Tried the sausage and meat lasagne tonight and was pleasantly surprised for a pre-made product.The ravioli they carry in the black bag is good too.

When they have fresh Halibut it is great but last time they wanted you to buy the whole fish and it was more than I wanted to spend.

The big box of Ghiradelli brownies mix is the best mix I have had. They aslo have a bag of cashew clusters with pumpkin seeds and some other stuff that is pretty good.

I don't shop much meat or produce there. 

What do you like?


----------



## bakechef (May 11, 2012)

I really need to check out Costco some day.  Trouble is Costco is a good 15 minute drive and I can be at BJ's in 5 minutes flat (it's in my neighborhood).  I just have no other reason to go to the section of town where Costco is.


----------



## buckytom (May 11, 2012)

as far as food goes, the goat cheese logs are a great deal. also, the locatelli cheese is a good price for a wedge.

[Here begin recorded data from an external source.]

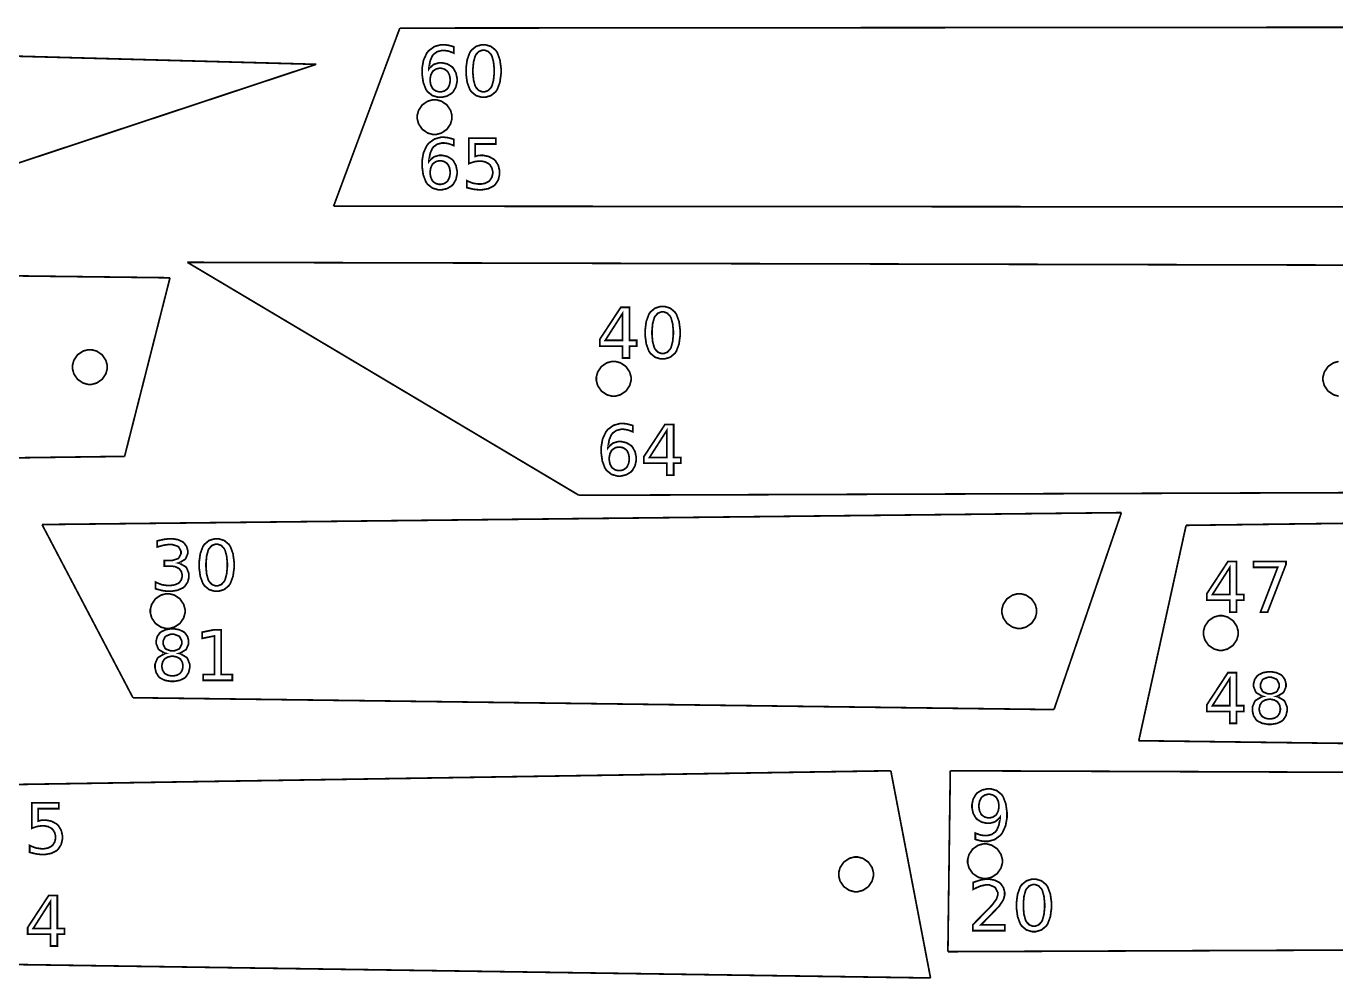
# Model space of a CAD drawing. Extents: x 0 to 51.8, y 1.6 to 26.8.
# Drawn here: x 6.65 to 14.5, y 14.49 to 20.21 of the extents above; entities that cross this region are included whole.
import ezdxf

# ---------------------------------------------------------------- set-up
doc = ezdxf.new("R2010")
doc.units = 0
doc.layers.get('0').update_dxf_attribs({"linetype": 'CONTINUOUS'})

msp = doc.modelspace()

# ---------------------------------------------------------------- linework, layer by layer
at = {"color": 0, "const_width": 0.010417}
for points in [[(0.152453, 20.2056), (8.38986, 19.9819)], [(8.89139, 20.1994), (8.49403, 19.1308)], [(8.89139, 20.1994), (16.4336, 20.2056)], [(8.38986, 19.9819), (5.79551, 19.1217)], [(8.49403, 19.1308), (16.3122, 19.1247)], [(0, 18.7938), (7.51286, 18.7011)], [(7.61703, 18.7938), (14.7401, 18.7767)], [(7.61703, 18.7938), (9.96556, 17.396)], [(7.51286, 18.7011), (7.24061, 17.6294)], [(14.5215, 17.9907), (14.4911, 17.9989), (14.4581, 18.0213), (14.4357, 18.0543), (14.4276, 18.0849), (14.4276, 18.0949), (14.4276, 18.105), (14.4357, 18.1354), (14.4581, 18.1686), (14.4911, 18.191), (14.5215, 18.199)], [(0.289985, 17.5369), (7.24061, 17.6294)], [(9.96556, 17.396), (15.0075, 17.4131)], [(6.74561, 17.2203), (13.2188, 17.2918)], [(13.2188, 17.2918), (12.8145, 16.1099)], [(13.6068, 17.2156), (19.6397, 17.2918)], [(6.74561, 17.2203), (7.29069, 16.1813)], [(13.6068, 17.2156), (13.323, 15.9233)], [(7.29069, 16.1813), (12.8145, 16.1099)], [(13.323, 15.9233), (19.1644, 15.8471)], [(6.26958, 15.6556), (11.836, 15.7429)], [(11.836, 15.7429), (12.0741, 14.4997)], [(12.1926, 15.7429), (12.1782, 14.6574)], [(12.1926, 15.7429), (18.0285, 15.721)], [(12.1782, 14.6574), (17.689, 14.6793)], [(6.12435, 14.5871), (12.0741, 14.4997)]]:
    msp.add_lwpolyline(points, dxfattribs=at)
at = {"color": 1, "const_width": 0.010417}
for points in [[(9.21474, 20.0872), (9.21474, 20.0497), (9.21213, 20.051), (9.18588, 20.0603), (9.18326, 20.061), (9.18067, 20.0617), (9.15935, 20.0649), (9.15224, 20.0649), (9.14324, 20.0649), (9.11621, 20.0581), (9.09353, 20.0419), (9.08996, 20.0374), (9.08637, 20.0328), (9.07319, 20.0029), (9.06614, 19.9638), (9.06565, 19.9544), (9.0676, 19.9574), (9.09256, 19.9799), (9.0956, 19.9814), (9.09864, 19.9829), (9.12631, 19.9908), (9.13553, 19.9908), (9.14572, 19.9908), (9.17643, 19.9839), (9.20335, 19.9678), (9.20779, 19.9631), (9.21224, 19.9585), (9.22781, 19.9303), (9.23449, 19.8983), (9.23449, 19.8876), (9.23449, 19.8771), (9.22749, 19.8454), (9.21132, 19.8172), (9.20671, 19.8125), (9.2021, 19.8078), (9.17449, 19.7914), (9.14344, 19.7843), (9.13314, 19.7843), (9.12147, 19.7843), (9.08658, 19.7944), (9.05707, 19.8179), (9.0524, 19.8247), (9.04775, 19.8314), (9.03153, 19.874), (9.02463, 19.9247), (9.02463, 19.9417), (9.02463, 19.9578), (9.0331, 20.0064), (9.053, 20.0493), (9.05871, 20.0564), (9.0644, 20.0636), (9.09874, 20.0886), (9.13753, 20.0994), (9.1505, 20.0994), (9.15831, 20.0994), (9.17914, 20.0969), (9.18175, 20.0964), (9.18435, 20.0958), (9.21186, 20.0883), (9.21474, 20.0872)], [(9.39324, 20.0994), (9.40446, 20.0994), (9.43832, 20.0893), (9.46685, 20.0657), (9.47136, 20.059), (9.47581, 20.0524), (9.49149, 20.0094), (9.49826, 19.9586), (9.49826, 19.9417), (9.49826, 19.9247), (9.49149, 19.874), (9.47581, 19.8314), (9.47136, 19.8247), (9.46685, 19.8179), (9.43832, 19.7944), (9.40446, 19.7843), (9.39324, 19.7843), (9.38194, 19.7843), (9.34819, 19.7944), (9.31976, 19.8179), (9.31532, 19.8247), (9.31082, 19.8314), (9.29508, 19.874), (9.28842, 19.9247), (9.28842, 19.9417), (9.28842, 19.9586), (9.29508, 20.0094), (9.31082, 20.0524), (9.31532, 20.059), (9.31976, 20.0657), (9.34819, 20.0893), (9.38194, 20.0994), (9.39324, 20.0994)], [(9.39324, 20.0668), (9.38624, 20.0668), (9.3654, 20.059), (9.34814, 20.0408), (9.34549, 20.0356), (9.34283, 20.0304), (9.33356, 19.9965), (9.32964, 19.9554), (9.32964, 19.9417), (9.32964, 19.9281), (9.33356, 19.8871), (9.34283, 19.8533), (9.34549, 19.8481), (9.34814, 19.8429), (9.3654, 19.8247), (9.38624, 19.8168), (9.39324, 19.8168), (9.40022, 19.8168), (9.42122, 19.8247), (9.43853, 19.8429), (9.44119, 19.8481), (9.44385, 19.8533), (9.45318, 19.8871), (9.45725, 19.9281), (9.45725, 19.9417), (9.45725, 19.9554), (9.45318, 19.9965), (9.44385, 20.0304), (9.44119, 20.0356), (9.43853, 20.0408), (9.42122, 20.059), (9.40022, 20.0668), (9.39324, 20.0668)], [(9.13314, 19.9583), (9.1269, 19.9583), (9.10818, 19.9536), (9.09179, 19.9426), (9.08908, 19.9394), (9.08637, 19.9363), (9.07699, 19.9171), (9.07303, 19.895), (9.07303, 19.8876), (9.07303, 19.8803), (9.07699, 19.8582), (9.08637, 19.8389), (9.08908, 19.8357), (9.09179, 19.8326), (9.10818, 19.8215), (9.1269, 19.8168), (9.13314, 19.8168), (9.13926, 19.8168), (9.15776, 19.8215), (9.17404, 19.8326), (9.17676, 19.8357), (9.17947, 19.8389), (9.18896, 19.8582), (9.19303, 19.8803), (9.19303, 19.8876), (9.19303, 19.895), (9.18896, 19.9171), (9.17947, 19.9363), (9.17676, 19.9394), (9.17404, 19.9426), (9.15776, 19.9536), (9.13926, 19.9583), (9.13314, 19.9583)], [(9.21474, 19.5321), (9.21474, 19.4946), (9.21213, 19.4958), (9.18588, 19.5051), (9.18326, 19.5058), (9.18067, 19.5064), (9.15935, 19.5097), (9.15224, 19.5097), (9.14324, 19.5097), (9.11621, 19.5028), (9.09353, 19.4868), (9.08996, 19.4821), (9.08637, 19.4776), (9.07319, 19.4478), (9.06614, 19.4085), (9.06565, 19.3993), (9.0676, 19.4022), (9.09256, 19.4246), (9.0956, 19.4261), (9.09864, 19.4278), (9.12631, 19.4357), (9.13553, 19.4357), (9.14572, 19.4357), (9.17643, 19.4288), (9.20335, 19.4126), (9.20779, 19.4079), (9.21224, 19.4033), (9.22781, 19.3751), (9.23449, 19.3431), (9.23449, 19.3324), (9.23449, 19.3219), (9.22749, 19.2901), (9.21132, 19.2621), (9.20671, 19.2574), (9.2021, 19.2526), (9.17449, 19.2361), (9.14344, 19.2292), (9.13314, 19.2292), (9.12147, 19.2292), (9.08658, 19.2392), (9.05707, 19.2628), (9.0524, 19.2694), (9.04775, 19.2763), (9.03153, 19.3189), (9.02463, 19.3696), (9.02463, 19.3864), (9.02463, 19.4026), (9.0331, 19.4511), (9.053, 19.4942), (9.05871, 19.5012), (9.0644, 19.5085), (9.09874, 19.5335), (9.13753, 19.5442), (9.1505, 19.5442), (9.15831, 19.5442), (9.17914, 19.5417), (9.18175, 19.5411), (9.18435, 19.5407), (9.21186, 19.5331), (9.21474, 19.5321)], [(9.30578, 19.5388), (9.46724, 19.5388), (9.46724, 19.504), (9.34353, 19.504), (9.34353, 19.4296), (9.345, 19.4301), (9.35981, 19.434), (9.36133, 19.4342), (9.36279, 19.4344), (9.37517, 19.4357), (9.37935, 19.4357), (9.39068, 19.4357), (9.42481, 19.4288), (9.45486, 19.4124), (9.45985, 19.4078), (9.46479, 19.4031), (9.4821, 19.375), (9.48958, 19.3431), (9.48958, 19.3324), (9.48958, 19.3215), (9.48193, 19.2889), (9.46408, 19.2608), (9.45899, 19.2562), (9.45389, 19.2518), (9.42225, 19.2358), (9.38531, 19.2292), (9.37304, 19.2292), (9.36328, 19.2292), (9.33724, 19.2318), (9.33399, 19.2324), (9.33068, 19.2329), (9.2965, 19.2411), (9.29297, 19.2421), (9.29297, 19.2833), (9.29601, 19.2818), (9.32769, 19.2693), (9.33094, 19.2683), (9.33421, 19.2676), (9.36268, 19.2636), (9.37218, 19.2636), (9.37999, 19.2636), (9.4036, 19.2682), (9.42432, 19.279), (9.42774, 19.2821), (9.43115, 19.2853), (9.44314, 19.304), (9.44835, 19.3253), (9.44835, 19.3324), (9.44835, 19.3396), (9.44314, 19.3608), (9.43115, 19.3794), (9.42774, 19.3825), (9.42432, 19.3857), (9.4036, 19.3965), (9.37999, 19.4013), (9.37218, 19.4013), (9.36393, 19.4013), (9.3419, 19.3982), (9.33919, 19.3975), (9.33649, 19.3969), (9.3086, 19.3875), (9.30578, 19.3863), (9.30578, 19.5388)], [(9.13314, 19.4032), (9.1269, 19.4032), (9.10818, 19.3985), (9.09179, 19.3874), (9.08908, 19.3843), (9.08637, 19.3811), (9.07699, 19.3618), (9.07303, 19.3397), (9.07303, 19.3324), (9.07303, 19.3251), (9.07699, 19.3031), (9.08637, 19.2838), (9.08908, 19.2806), (9.09179, 19.2774), (9.10818, 19.2664), (9.1269, 19.2617), (9.13314, 19.2617), (9.13926, 19.2617), (9.15776, 19.2664), (9.17404, 19.2774), (9.17676, 19.2806), (9.17947, 19.2838), (9.18896, 19.3031), (9.19303, 19.3251), (9.19303, 19.3324), (9.19303, 19.3397), (9.18896, 19.3618), (9.17947, 19.3811), (9.17676, 19.3843), (9.17404, 19.3874), (9.15776, 19.3985), (9.13926, 19.4032), (9.13314, 19.4032)], [(10.2164, 18.5237), (10.2681, 18.5237), (10.2681, 18.3258), (10.3115, 18.3258), (10.3115, 18.2915), (10.2681, 18.2915), (10.2681, 18.2199), (10.2273, 18.2199), (10.2273, 18.2915), (10.0901, 18.2915), (10.0901, 18.3312), (10.2164, 18.5237)], [(10.2273, 18.4879), (10.1235, 18.3258), (10.2273, 18.3258), (10.2273, 18.4879)], [(10.4674, 18.5292), (10.4786, 18.5292), (10.5125, 18.519), (10.541, 18.4956), (10.5455, 18.4887), (10.55, 18.4821), (10.5657, 18.4393), (10.5724, 18.3883), (10.5724, 18.3714), (10.5724, 18.3544), (10.5657, 18.3039), (10.55, 18.2611), (10.5455, 18.2544), (10.541, 18.2476), (10.5125, 18.2242), (10.4786, 18.214), (10.4674, 18.214), (10.4561, 18.214), (10.4224, 18.2242), (10.3939, 18.2476), (10.3895, 18.2544), (10.385, 18.2611), (10.3693, 18.3039), (10.3626, 18.3544), (10.3626, 18.3714), (10.3626, 18.3883), (10.3693, 18.4393), (10.385, 18.4821), (10.3895, 18.4887), (10.3939, 18.4956), (10.4224, 18.519), (10.4561, 18.5292), (10.4674, 18.5292)], [(10.4674, 18.4965), (10.4604, 18.4965), (10.4396, 18.4887), (10.4223, 18.4706), (10.4197, 18.4653), (10.417, 18.4601), (10.4077, 18.4262), (10.4038, 18.3851), (10.4038, 18.3714), (10.4038, 18.3578), (10.4077, 18.3168), (10.417, 18.2831), (10.4197, 18.2778), (10.4223, 18.2726), (10.4396, 18.2544), (10.4604, 18.2465), (10.4674, 18.2465), (10.4744, 18.2465), (10.4954, 18.2544), (10.5127, 18.2726), (10.5153, 18.2778), (10.518, 18.2831), (10.5273, 18.3168), (10.5314, 18.3578), (10.5314, 18.3714), (10.5314, 18.3851), (10.5273, 18.4262), (10.518, 18.4601), (10.5153, 18.4653), (10.5127, 18.4706), (10.4954, 18.4887), (10.4744, 18.4965), (10.4674, 18.4965)], [(10.2889, 17.8143), (10.2889, 17.7768), (10.2863, 17.7781), (10.26, 17.7875), (10.2574, 17.7881), (10.2548, 17.7888), (10.2335, 17.7919), (10.2264, 17.7919), (10.2174, 17.7919), (10.1904, 17.7851), (10.1677, 17.769), (10.1641, 17.7644), (10.1605, 17.7599), (10.1473, 17.73), (10.1403, 17.6908), (10.1398, 17.6815), (10.1418, 17.6844), (10.1667, 17.7069), (10.1698, 17.7085), (10.1728, 17.7101), (10.2005, 17.7181), (10.2097, 17.7181), (10.2199, 17.7181), (10.2506, 17.7111), (10.2775, 17.6949), (10.282, 17.6903), (10.2864, 17.6856), (10.302, 17.6575), (10.3087, 17.6254), (10.3087, 17.6147), (10.3087, 17.6042), (10.3017, 17.5725), (10.2855, 17.5443), (10.2809, 17.5396), (10.2763, 17.535), (10.2486, 17.5185), (10.2176, 17.5114), (10.2073, 17.5114), (10.1956, 17.5114), (10.1607, 17.5215), (10.1312, 17.545), (10.1266, 17.5518), (10.1219, 17.5585), (10.1057, 17.6013), (10.0988, 17.6518), (10.0988, 17.6688), (10.0988, 17.685), (10.1073, 17.7335), (10.1272, 17.7764), (10.1329, 17.7835), (10.1386, 17.7907), (10.1729, 17.8157), (10.2117, 17.8265), (10.2247, 17.8265), (10.2325, 17.8265), (10.2533, 17.824), (10.2559, 17.8235), (10.2585, 17.8229), (10.286, 17.8154), (10.2889, 17.8143)], [(10.4817, 17.8211), (10.5334, 17.8211), (10.5334, 17.6232), (10.5768, 17.6232), (10.5768, 17.5889), (10.5334, 17.5889), (10.5334, 17.5172), (10.4926, 17.5172), (10.4926, 17.5889), (10.3554, 17.5889), (10.3554, 17.6286), (10.4817, 17.8211)], [(10.4926, 17.7853), (10.3888, 17.6232), (10.4926, 17.6232), (10.4926, 17.7853)], [(10.2073, 17.6854), (10.2011, 17.6854), (10.1823, 17.6807), (10.166, 17.6697), (10.1633, 17.6665), (10.1605, 17.6635), (10.1512, 17.6442), (10.1472, 17.6221), (10.1472, 17.6147), (10.1472, 17.6074), (10.1512, 17.5853), (10.1605, 17.566), (10.1633, 17.5628), (10.166, 17.5597), (10.1823, 17.5486), (10.2011, 17.5439), (10.2073, 17.5439), (10.2134, 17.5439), (10.2319, 17.5486), (10.2482, 17.5597), (10.2509, 17.5628), (10.2536, 17.566), (10.2631, 17.5853), (10.2672, 17.6074), (10.2672, 17.6147), (10.2672, 17.6221), (10.2631, 17.6442), (10.2536, 17.6635), (10.2509, 17.6665), (10.2482, 17.6697), (10.2319, 17.6807), (10.2134, 17.6854), (10.2073, 17.6854)], [(7.56392, 16.9897), (7.56879, 16.9886), (7.60715, 16.9668), (7.60992, 16.9635), (7.61268, 16.9601), (7.62663, 16.9257), (7.62663, 16.9142), (7.62663, 16.9043), (7.61882, 16.8743), (7.60075, 16.8486), (7.5956, 16.8444), (7.59044, 16.8404), (7.55817, 16.8261), (7.52029, 16.82), (7.50771, 16.82), (7.49789, 16.82), (7.47179, 16.8232), (7.46843, 16.8239), (7.46506, 16.8246), (7.43012, 16.8338), (7.42654, 16.835), (7.42654, 16.8747), (7.42936, 16.8731), (7.46067, 16.8604), (7.46408, 16.8594), (7.46744, 16.8586), (7.49681, 16.8544), (7.50662, 16.8544), (7.51508, 16.8544), (7.54058, 16.8583), (7.56207, 16.8672), (7.56543, 16.8697), (7.56879, 16.8722), (7.58057, 16.8885), (7.58561, 16.9078), (7.58561, 16.9142), (7.58561, 16.9201), (7.58089, 16.9381), (7.56988, 16.9536), (7.56674, 16.9561), (7.56358, 16.9586), (7.54428, 16.9675), (7.52186, 16.9713), (7.51443, 16.9713), (7.47906, 16.9713), (7.47906, 17.0051), (7.51617, 17.0051), (7.52772, 17.0051), (7.55968, 17.0153), (7.56239, 17.0172), (7.56511, 17.0193), (7.57867, 17.044), (7.57867, 17.0522), (7.57867, 17.0611), (7.56472, 17.086), (7.56196, 17.0881), (7.55919, 17.0901), (7.52561, 17.1006), (7.51443, 17.1006), (7.50538, 17.1006), (7.48139, 17.0975), (7.47819, 17.0969), (7.47493, 17.0963), (7.43951, 17.0867), (7.43565, 17.0854), (7.43565, 17.1221), (7.43956, 17.1232), (7.47607, 17.1312), (7.47949, 17.1318), (7.48292, 17.1324), (7.50928, 17.1351), (7.51812, 17.1351), (7.5286, 17.1351), (7.56, 17.1297), (7.58757, 17.1174), (7.59212, 17.1139), (7.59668, 17.1103), (7.61263, 17.0888), (7.61947, 17.0644), (7.61947, 17.0563), (7.61947, 17.0457), (7.60732, 17.0167), (7.60493, 17.0137), (7.60254, 17.011), (7.56836, 16.9908), (7.56392, 16.9897)], [(7.79254, 17.1351), (7.80376, 17.1351), (7.83763, 17.125), (7.86615, 17.1014), (7.87067, 17.0947), (7.87511, 17.0881), (7.89079, 17.0451), (7.89757, 16.9943), (7.89757, 16.9774), (7.89757, 16.9604), (7.89079, 16.9097), (7.87511, 16.8671), (7.87067, 16.8604), (7.86615, 16.8536), (7.83763, 16.8301), (7.80376, 16.82), (7.79254, 16.82), (7.78125, 16.82), (7.7475, 16.8301), (7.71907, 16.8536), (7.71463, 16.8604), (7.71013, 16.8671), (7.69439, 16.9097), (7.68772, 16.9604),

i often buy the packages of 4 pork tenderloins, premio sausage, and 2 packs of roasting chickens.


----------



## Dawgluver (May 11, 2012)

check this out:

http://www.discusscooking.com/forum...ighlight=Heigh+ho+heigh+ho+it's+off+to+costco

Our nearest is 3.5 hours away, but we are supposed to get one in July that's only 45 minutes away!


----------



## roadfix (May 11, 2012)

50lb sack of Elephant brand jasmine rice.
Assorted herbs and spices.
Skirt steaks.


----------



## Andy M. (May 11, 2012)

We buy lots there.  

Pork tenderloins
ground beef (no pink slime) 
steaks and roasts
Phillips Maryland style crab cakes
Premio Italian sausages
Bacon
TP
Bounty Paper Towels
Some filled pastas when they have the ones I like
Raw chicken wing sections
Coffee 
sugar
salt
Tylenol substitute
Allegra substitute
Enteric aspirin
reading glasses
Printer ink carts
Books
Turbo Tax
and more...


----------



## PrincessFiona60 (May 11, 2012)

Andy's list and more, more...

Canned goods
Nutritional Supplements Prescribed by MD
Produce
Cheese
We shop the whole store.


----------



## Siegal (May 11, 2012)

Definatly the Roasted chicken!

Also bought the 50 lb bag of jasmine rice for literally the price of 2 lbs in my old NY supermarket

The boneless skinless chicken thighs come in like a pack of 6 and one package is perfect for us     per meal 

I also must have saved several hundred dollars in diapers and wipes by now by buying a case.


----------



## roadfix (May 11, 2012)

Andy M. said:


> Turbo Tax
> and more...



We buy many non-food items as well.  Lots of paper products, especially bathroom tissue both for home and business, and lots of paper plates.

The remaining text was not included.